**Dataset records:**
= = = = =

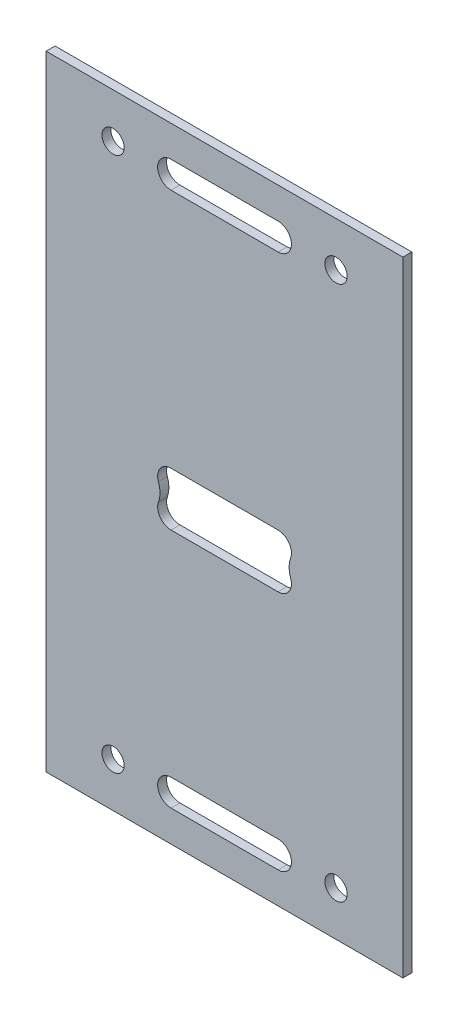
SolidWorks part; units mm, degrees
ref_plane "Front Plane" through (0, 0, 0) normal (0, 0, 1) x (1, 0, 0)
ref_plane "Top Plane" through (0, 0, 0) normal (0, 1, 0) x (1, 0, 0)
ref_plane "Right Plane" through (0, 0, 0) normal (1, 0, 0) x (0, 0, -1)
sketch "Sketch1" plane through (0, 0, 0) normal (0, 0, 1) x (1, 0, 0)
  line L0 (12.5, 30) -> (-12.5, -30) construction
  line L1 (-20, -35) -> (20, -35)
  line L2 (-20, -35) -> (-20, 35)
  line L3 (-20, 35) -> (20, 35)
  line L4 (20, -35) -> (20, 35)
  line L5 (-20, -35) -> (20, 35) construction
  line L6 (-20, 35) -> (20, -35) construction
  circle A0 centre (-12.5, 30) radius 1.25
  circle A1 centre (12.5, 30) radius 1.25
  circle A2 centre (-12.5, -30) radius 1.25
  circle A3 centre (12.5, -30) radius 1.25
  point P0 (0, 0)
  point P14 (0, 0)
  dimension "D3" = 2.5
  dimension "D1" = 25
  dimension "D2" = 60
  dimension "D4" = 70
  dimension "D5" = 40
extrude "Boss-Extrude1" add sketch "Sketch1" along normal blind 1
sketch "Sketch2" plane through (0, 0, 1) normal (0, 0, 1) x (1, 0, 0)
  line L0 (-6, 30) -> (6, 30) construction
  line L1 (-6, 31.5) -> (6, 31.5)
  line L2 (-6, 28.5) -> (6, 28.5)
  line L3 (-6, 0) -> (6, 0) construction
  line L4 (-6, 1.5) -> (6, 1.5)
  line L6 (-12.5, -30) -> (-6, -30) construction
  line L9 (-6, -30) -> (6, -30) construction
  line L10 (-6, -28.5) -> (6, -28.5)
  line L11 (-6, -31.5) -> (6, -31.5)
  line L12 (-6, -3) -> (6, -3) construction
  line L14 (-6, -4.5) -> (6, -4.5)
  line L15 (-6, -1.5) -> (6, -1.5) construction
  arc A0 (-6, 31.5) -> (-6, 28.5) centre (-6, 30) ccw
  arc A1 (6, 28.5) -> (6, 31.5) centre (6, 30) ccw
  arc A2 (-6, 1.5) -> (-6, -1.5) centre (-6, 0) ccw
  arc A3 (6, -1.5) -> (6, 1.5) centre (6, 0) ccw
  arc A6 (-6, -28.5) -> (-6, -31.5) centre (-6, -30) ccw
  arc A7 (6, -31.5) -> (6, -28.5) centre (6, -30) ccw
  arc A9 (-6, -1.5) -> (-6, -4.5) centre (-6, -3) ccw
  arc A10 (6, -4.5) -> (6, -1.5) centre (6, -3) ccw
  point P2 (0, 30)
  point P8 (0, 0)
  point P17 (0, -3)
  point P23 (0, -30)
  dimension "D2" = 1.5
  dimension "D6" = 1.5
  dimension "D1" = 12
  dimension "D3" = 30
  dimension "D4" = 30
extrude "Cut-Extrude1" cut sketch "Sketch2" against normal through all
fillet "Fillet1" radius 3 2 edges at (6, -1.5, 0.5) (-6, -1.5, 0.5)

= = = = =

**ASSIGNMENT:**
Scan the records above and report how many lines include the word "construction", without any other text.

**ANSWER SECTION:**
9